Antibiotics should not be used for COVID-19 prevention or therapy because they do not function against viruses.17 Corticosteroids have previously been strongly suggested in patients with severe and critical COVID-19 because they have been found to prevent and reduce inflammation in tissues and in the circulation via non-genomic and genomic effects.37 Patients who meet these severity criteria should now be treated with corticosteroids as well as IL-6 receptor blockers.38 In hospitalized patients, hydroxychloroquine and lopinavir/ritonavir were recommended.39 However, these medications do not appear to have any clinical benefit, and it is not suggested that they be used to treat COVID-19.40,41 The evidence for using ivermectin to treat COVID-19 patients is still inconclusive. WHO recommends that the medicine be used only in clinical trials until more data is available. Colchicines, monoclonal antibodies, and anticoagulants are among the other COVID-19 treatments now being considered.37

Prevention

A person can protect themselves and prevent the spread of COVID-19 by washing hands often with soap and water for at least 20 seconds at a time, when soap and water are not accessible, a hand sanitizer with high alcohol content should be used often. Avoid touching your eyes, nose, or mouth with your hands. Maintain a two-meter distance between you and others. Coughs and sneezes should be wiped away with a tissue or covered with the inner elbow. Surfaces, such as tabletops, counters, doorknobs, and handles should be cleaned and disinfected on a regular basis. Personal goods, such as cups and towels, should not be shared. Vaccinate as soon as the vaccine is available.17,42

Face covers can help prevent the virus from spreading through the air via droplets.

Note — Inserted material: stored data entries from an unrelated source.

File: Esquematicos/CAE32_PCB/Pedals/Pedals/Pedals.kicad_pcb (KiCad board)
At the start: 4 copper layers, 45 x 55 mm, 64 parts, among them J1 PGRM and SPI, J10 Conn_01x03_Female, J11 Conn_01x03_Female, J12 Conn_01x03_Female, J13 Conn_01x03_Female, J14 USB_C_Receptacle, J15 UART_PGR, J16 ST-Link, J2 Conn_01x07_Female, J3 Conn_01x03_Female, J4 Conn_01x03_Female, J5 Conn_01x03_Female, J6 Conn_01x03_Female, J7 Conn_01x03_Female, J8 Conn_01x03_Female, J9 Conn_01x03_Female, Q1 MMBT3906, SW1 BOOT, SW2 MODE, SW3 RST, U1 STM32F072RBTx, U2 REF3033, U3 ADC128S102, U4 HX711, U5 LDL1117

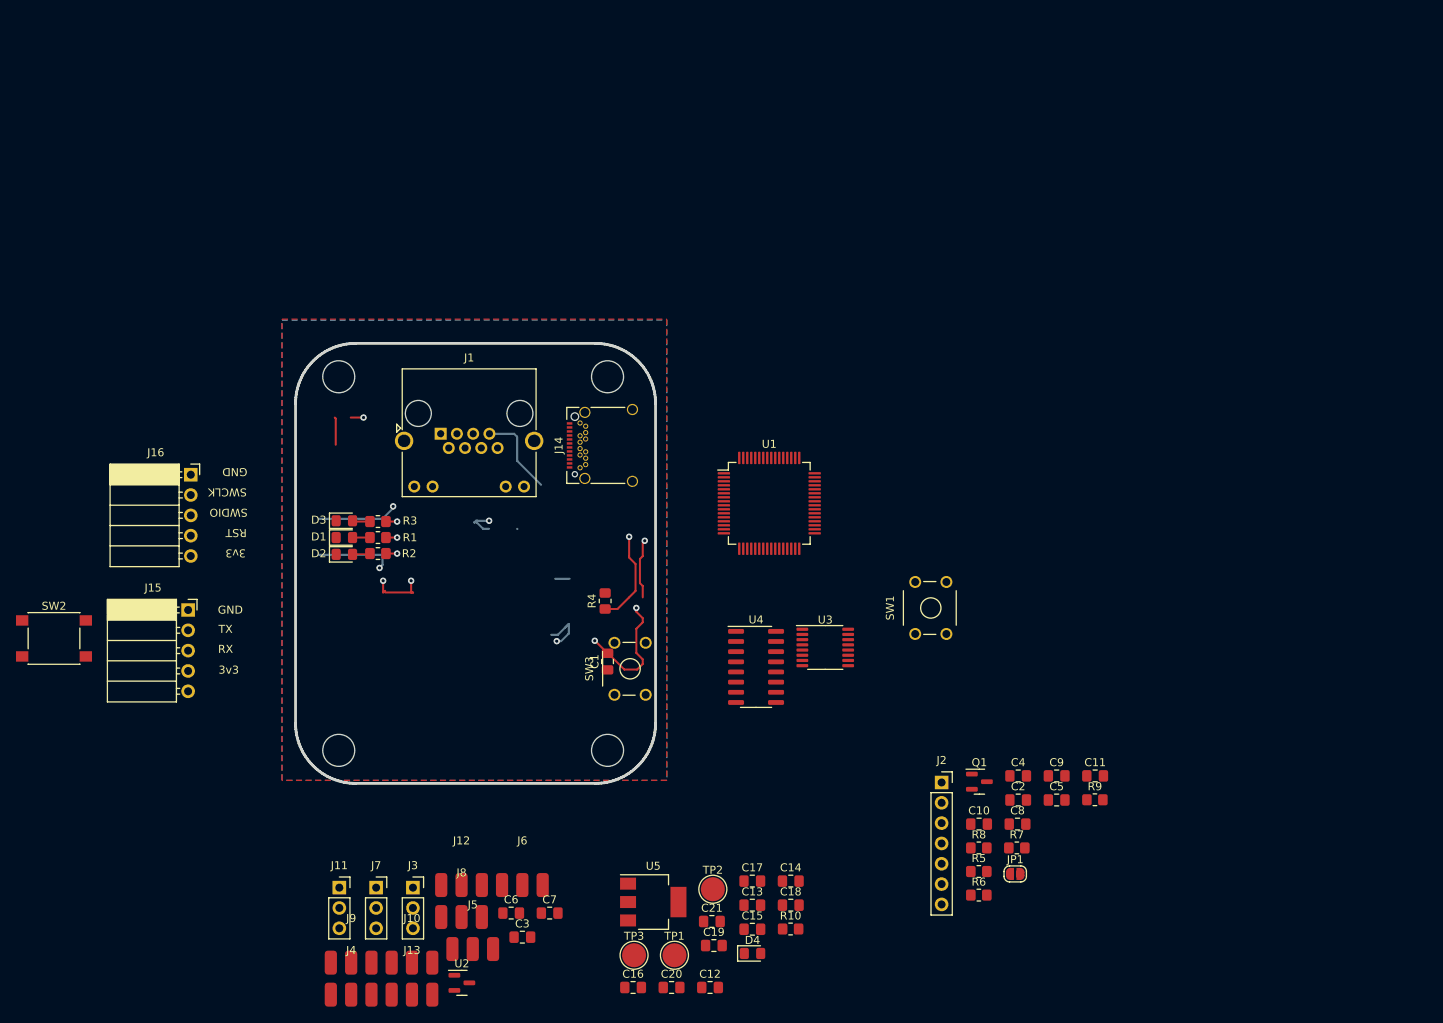
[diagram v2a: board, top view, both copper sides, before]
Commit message: update: se añade otra hoja para las celdas de carga, ademas de reorganizar todas las hojas
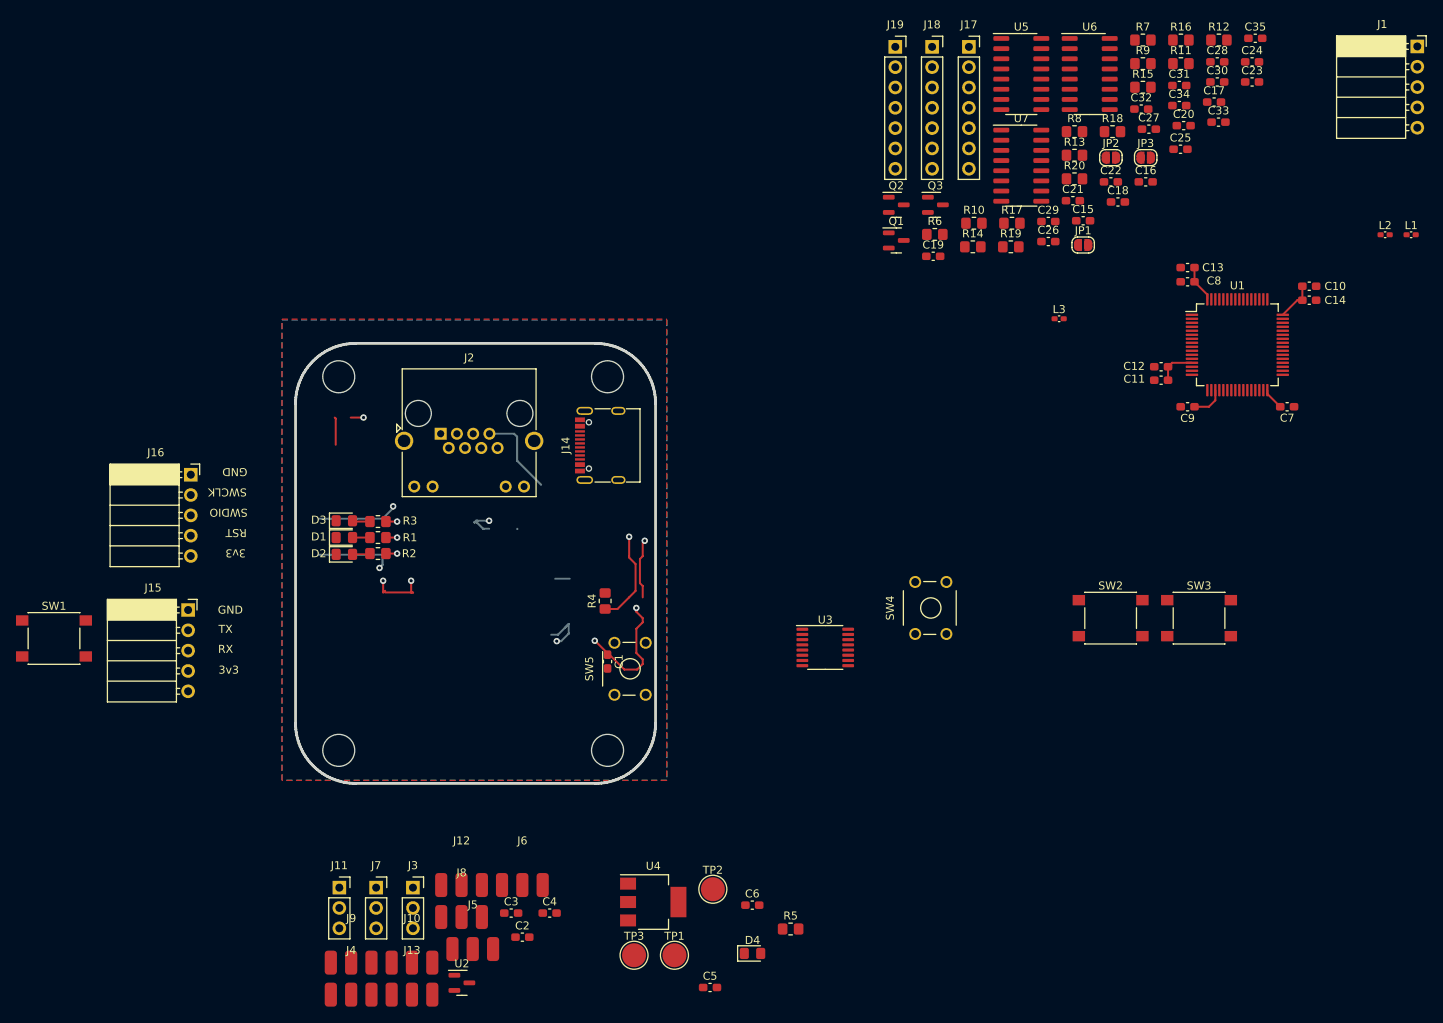
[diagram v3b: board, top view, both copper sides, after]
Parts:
- removed the C10 at (209.7, 131.9)
- removed the C11 at (224.2, 125.9)
- removed the C2 at (214.6, 128.9)
- removed the C4 at (214.6, 125.9)
- removed the C5 at (219.4, 128.9)
- removed the C8 at (214.6, 131.9)
- removed the C9 at (219.4, 125.9)
- removed the J2 at (205.1, 126.7)
- removed the R5 at (209.7, 137.8)
- removed the U4 at (181.9, 112.3)
- added C15: 0u1, Capacitor_SMD:C_0603_1608Metric_Pad1.08x0.95mm_HandSolder, F.Cu at (222.8, 56.5)
- added C16: 0u1, Capacitor_SMD:C_0603_1608Metric_Pad1.08x0.95mm_HandSolder, F.Cu at (230.6, 51.6)
- added C17: 0u1, Capacitor_SMD:C_0603_1608Metric_Pad1.08x0.95mm_HandSolder, F.Cu at (239.1, 41.7)
- added C18: 0u1, Capacitor_SMD:C_0603_1608Metric_Pad1.08x0.95mm_HandSolder, F.Cu at (227.1, 54.1)
- added C19: 10u, Capacitor_SMD:C_0603_1608Metric_Pad1.08x0.95mm_HandSolder, F.Cu at (204.0, 60.9)
- added C20: 10u, Capacitor_SMD:C_0603_1608Metric_Pad1.08x0.95mm_HandSolder, F.Cu at (235.3, 44.6)
- added C21: 0u1, Capacitor_SMD:C_0603_1608Metric_Pad1.08x0.95mm_HandSolder, F.Cu at (221.5, 54.0)
- added C22: 0u1, Capacitor_SMD:C_0603_1608Metric_Pad1.08x0.95mm_HandSolder, F.Cu at (226.2, 51.6)
- added C23: 0u1, Capacitor_SMD:C_0603_1608Metric_Pad1.08x0.95mm_HandSolder, F.Cu at (243.9, 39.1)
- added C24: 0u1, Capacitor_SMD:C_0603_1608Metric_Pad1.08x0.95mm_HandSolder, F.Cu at (243.9, 36.6)
- added C25: 0u1, Capacitor_SMD:C_0603_1608Metric_Pad1.08x0.95mm_HandSolder, F.Cu at (234.9, 47.6)
- added C26: 0u1, Capacitor_SMD:C_0603_1608Metric_Pad1.08x0.95mm_HandSolder, F.Cu at (218.4, 59.1)
- added C27: 10u, Capacitor_SMD:C_0603_1608Metric_Pad1.08x0.95mm_HandSolder, F.Cu at (231.0, 45.0)
- added C28: 10u, Capacitor_SMD:C_0603_1608Metric_Pad1.08x0.95mm_HandSolder, F.Cu at (239.5, 36.6)
- added C29: 0u1, Capacitor_SMD:C_0603_1608Metric_Pad1.08x0.95mm_HandSolder, F.Cu at (218.4, 56.6)
- added C30: 0u1, Capacitor_SMD:C_0603_1608Metric_Pad1.08x0.95mm_HandSolder, F.Cu at (239.5, 39.1)
- added C31: 10u, Capacitor_SMD:C_0603_1608Metric_Pad1.08x0.95mm_HandSolder, F.Cu at (234.8, 39.6)
- added C32: 0u1, Capacitor_SMD:C_0603_1608Metric_Pad1.08x0.95mm_HandSolder, F.Cu at (230.0, 42.5)
- added C33: 0u1, Capacitor_SMD:C_0603_1608Metric_Pad1.08x0.95mm_HandSolder, F.Cu at (239.7, 44.2)
- added C34: 0u1, Capacitor_SMD:C_0603_1608Metric_Pad1.08x0.95mm_HandSolder, F.Cu at (234.8, 42.1)
- added C35: 10u, Capacitor_SMD:C_0603_1608Metric_Pad1.08x0.95mm_HandSolder, F.Cu at (244.3, 33.7)
- added J1: SPI_MASTER, Connector_PinSocket_2.54mm:PinSocket_1x05_P2.54mm_Horizontal, F.Cu at (264.5, 34.7)
- added J17: Conn_01x07_Female, Connector_PinSocket_2.54mm:PinSocket_1x07_P2.54mm_Vertical, F.Cu at (208.5, 34.8)
- added J18: Conn_01x07_Female, Connector_PinSocket_2.54mm:PinSocket_1x07_P2.54mm_Vertical, F.Cu at (203.9, 34.8)
- added J19: Conn_01x07_Female, Connector_PinSocket_2.54mm:PinSocket_1x07_P2.54mm_Vertical, F.Cu at (199.3, 34.8)
- added JP2: SolderJumper_2_Open, Jumper:SolderJumper-2_P1.3mm_Open_RoundedPad1.0x1.5mm, F.Cu at (226.2, 48.6)
- added JP3: SolderJumper_2_Open, Jumper:SolderJumper-2_P1.3mm_Open_RoundedPad1.0x1.5mm, F.Cu at (230.6, 48.6)
- added L1: 3u3, Inductor_SMD:L_0402_1005Metric_Pad0.77x0.64mm_HandSolder, F.Cu at (263.8, 58.2)
- added L2: 3u3, Inductor_SMD:L_0402_1005Metric_Pad0.77x0.64mm_HandSolder, F.Cu at (260.5, 58.2)
- added L3: 3u3, Inductor_SMD:L_0402_1005Metric_Pad0.77x0.64mm_HandSolder, F.Cu at (219.8, 68.8)
- added Q2: MMBT3906, Package_TO_SOT_SMD:SOT-23, F.Cu at (199.4, 54.5)
- added Q3: MMBT3906, Package_TO_SOT_SMD:SOT-23, F.Cu at (204.3, 54.5)
- added R10: 20k, Resistor_SMD:R_0805_2012Metric_Pad1.20x1.40mm_HandSolder, F.Cu at (209.1, 56.8)
- added R11: 8.2k, Resistor_SMD:R_0805_2012Metric_Pad1.20x1.40mm_HandSolder, F.Cu at (235.0, 36.9)
- added R12: 20k, Resistor_SMD:R_0805_2012Metric_Pad1.20x1.40mm_HandSolder, F.Cu at (239.7, 33.9)
- added R13: 8.2k, Resistor_SMD:R_0805_2012Metric_Pad1.20x1.40mm_HandSolder, F.Cu at (221.7, 48.3)
- added R14: 10k, Resistor_SMD:R_0805_2012Metric_Pad1.20x1.40mm_HandSolder, F.Cu at (209.0, 59.8)
- added R15: 10k, Resistor_SMD:R_0805_2012Metric_Pad1.20x1.40mm_HandSolder, F.Cu at (230.2, 39.8)
- added R16: 100, Resistor_SMD:R_0805_2012Metric_Pad1.20x1.40mm_HandSolder, F.Cu at (235.0, 33.9)
- added R17: 100, Resistor_SMD:R_0805_2012Metric_Pad1.20x1.40mm_HandSolder, F.Cu at (213.8, 56.8)
- added R18: 20k, Resistor_SMD:R_0805_2012Metric_Pad1.20x1.40mm_HandSolder, F.Cu at (226.4, 45.4)
- added R19: 8.2k, Resistor_SMD:R_0805_2012Metric_Pad1.20x1.40mm_HandSolder, F.Cu at (213.7, 59.8)
- added R20: 10k, Resistor_SMD:R_0805_2012Metric_Pad1.20x1.40mm_HandSolder, F.Cu at (221.7, 51.3)
- added SW2: B2, Button_Switch_SMD:SW_Push_1P1T_NO_6x6mm_H9.5mm, F.Cu at (226.2, 106.2)
- added SW3: B3, Button_Switch_SMD:SW_Push_1P1T_NO_6x6mm_H9.5mm, F.Cu at (237.2, 106.2)
- added U5: HX711, Package_SO:SOP-16_3.9x9.9mm_P1.27mm, F.Cu at (215.0, 38.2)
- added U6: HX711, Package_SO:SOP-16_3.9x9.9mm_P1.27mm, F.Cu at (223.6, 38.2)
- added U7: HX711, Package_SO:SOP-16_3.9x9.9mm_P1.27mm, F.Cu at (215.0, 49.6)
- C1: footprint Capacitor_SMD:C_0805_2012Metric_Pad1.18x1.45mm_HandSolder -> Capacitor_SMD:C_0603_1608Metric_Pad1.08x0.95mm_HandSolder
- C10: renamed from C17; footprint Capacitor_SMD:C_0805_2012Metric_Pad1.18x1.45mm_HandSolder -> Capacitor_SMD:C_0603_1608Metric_Pad1.08x0.95mm_HandSolder
- C11: renamed from C18; footprint Capacitor_SMD:C_0805_2012Metric_Pad1.18x1.45mm_HandSolder -> Capacitor_SMD:C_0603_1608Metric_Pad1.08x0.95mm_HandSolder
- C12: renamed from C19; footprint Capacitor_SMD:C_0805_2012Metric_Pad1.18x1.45mm_HandSolder -> Capacitor_SMD:C_0603_1608Metric_Pad1.08x0.95mm_HandSolder
- C13: renamed from C20; footprint Capacitor_SMD:C_0805_2012Metric_Pad1.18x1.45mm_HandSolder -> Capacitor_SMD:C_0603_1608Metric_Pad1.08x0.95mm_HandSolder
- C14: renamed from C21; footprint Capacitor_SMD:C_0805_2012Metric_Pad1.18x1.45mm_HandSolder -> Capacitor_SMD:C_0603_1608Metric_Pad1.08x0.95mm_HandSolder
- C2: renamed from C3; footprint Capacitor_SMD:C_0805_2012Metric_Pad1.18x1.45mm_HandSolder -> Capacitor_SMD:C_0603_1608Metric_Pad1.08x0.95mm_HandSolder
- C3: renamed from C6; footprint Capacitor_SMD:C_0805_2012Metric_Pad1.18x1.45mm_HandSolder -> Capacitor_SMD:C_0603_1608Metric_Pad1.08x0.95mm_HandSolder
- C4: renamed from C7; footprint Capacitor_SMD:C_0805_2012Metric_Pad1.18x1.45mm_HandSolder -> Capacitor_SMD:C_0603_1608Metric_Pad1.08x0.95mm_HandSolder
- C5: renamed from C12; footprint Capacitor_SMD:C_0805_2012Metric_Pad1.18x1.45mm_HandSolder -> Capacitor_SMD:C_0603_1608Metric_Pad1.08x0.95mm_HandSolder
- C6: renamed from C13; footprint Capacitor_SMD:C_0805_2012Metric_Pad1.18x1.45mm_HandSolder -> Capacitor_SMD:C_0603_1608Metric_Pad1.08x0.95mm_HandSolder
- C7: renamed from C14; footprint Capacitor_SMD:C_0805_2012Metric_Pad1.18x1.45mm_HandSolder -> Capacitor_SMD:C_0603_1608Metric_Pad1.08x0.95mm_HandSolder
- C8: renamed from C15; footprint Capacitor_SMD:C_0805_2012Metric_Pad1.18x1.45mm_HandSolder -> Capacitor_SMD:C_0603_1608Metric_Pad1.08x0.95mm_HandSolder
- C9: renamed from C16; footprint Capacitor_SMD:C_0805_2012Metric_Pad1.18x1.45mm_HandSolder -> Capacitor_SMD:C_0603_1608Metric_Pad1.08x0.95mm_HandSolder
- J14: footprint Connector_USB:USB_C_Receptacle_Amphenol_12401548E4-2A_CircularHoles -> Connector_USB:USB_C_Receptacle_G-Switch_GT-USB-7010ASV
- R7: value 20k -> 100
- R8: value 8.2k -> 100
- R9: value 10k -> 100
- SW1: renamed from SW2; value MODE -> B1
- moved C13 110.7 mm to (235.8, 62.4), turned to 180 degrees
- moved C14 107.7 mm to (251.0, 66.4)
- moved R7 102.2 mm to (230.2, 33.9)
- moved C10 101.9 mm to (251.0, 64.7)
- moved C9 100.4 mm to (235.8, 79.8), turned to 180 degrees
- moved C8 97.5 mm to (235.8, 64.1), turned to 180 degrees
- moved R9 92.2 mm to (230.2, 36.9)
- moved C12 91.4 mm to (232.5, 74.8), turned to 180 degrees
- moved R8 90.3 mm to (221.7, 45.4)
- moved C7 85.8 mm to (248.2, 79.8)
- moved R6 82.8 mm to (204.2, 58.2)
- moved C11 80.3 mm to (232.5, 76.4), turned to 180 degrees
- moved JP1 79.1 mm to (222.8, 59.5)
- moved Q1 68.4 mm to (199.4, 59.0)
- moved U1 61.8 mm to (242.0, 72.0)
- renumbered J1 to J2, R10 to R5, SW1 to SW4, SW3 to SW5, U5 to U4
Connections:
- J14 pad A6: /Connectors(USB,Programming and debugging)/D+ -> /D+
- J14 pad A7: /Connectors(USB,Programming and debugging)/D- -> /D-
- J14 pad B6: /Connectors(USB,Programming and debugging)/D+ -> /D+
- J14 pad B7: /Connectors(USB,Programming and debugging)/D- -> /D-
- J15 pad 2: /Connectors(USB,Programming and debugging)/USART_TX -> /PGR_UART_TX
- J15 pad 3: /Connectors(USB,Programming and debugging)/USART_RX -> /PGR_UART_RX
- J2 pad 2: /MOSI -> unconnected-(J2-Pad2)
- J2 pad 4: /MISO -> /S_DOUT
- J2 pad 5: unconnected-(J1-Pad5) -> /S_DIN
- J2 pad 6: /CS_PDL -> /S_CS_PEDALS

Persons who have not been fully vaccinated, including children above the age of two, those who have been fully vaccinated but have a weaker immune system, and people who have not been fully vaccinated should wear a mask inside in public if they are in a region with significant and high transmission of the Delta variant to maximize protection and avoid possible dissemination to others.11 They must seek medical assistance immediately if they exhibit any sign or symptom, particularly fever, respiratory signs, such as coughing, shortness of breath, or diarrhea.43 People who have had intimate encounters with SARS-CoV-2 infected patients or have been exposed to questionable environmental publicity should be advised to undergo a 14-day health observation period, which begins on the last day of contact with the infected patients or suspicious environmental publicity.44 Patients with minor symptoms and a suspected infection may recall being isolated at home and receiving domestic care.43

Conclusion

The virus SARS-CoV-2 causes COVID-19, a highly contagious respiratory disease. Many people only have minor symptoms, but others acquire severe and occasionally fatal illnesses. Even if a person with COVID-19 shows no symptoms, the virus might still spread to others. For the diagnosis of COVID-19 infection, nucleic acid amplification procedures are the gold standard. COVID-19 has no cure at the moment, although therapies can help ease symptoms and promote breathing. Vaccines are becoming more widely available. Meanwhile, maintain physical distance, wash your hands frequently, avoid touching your face, and cover your face in public.

Acknowledgments

None.

Conflicts of interest

None.

Funding

None.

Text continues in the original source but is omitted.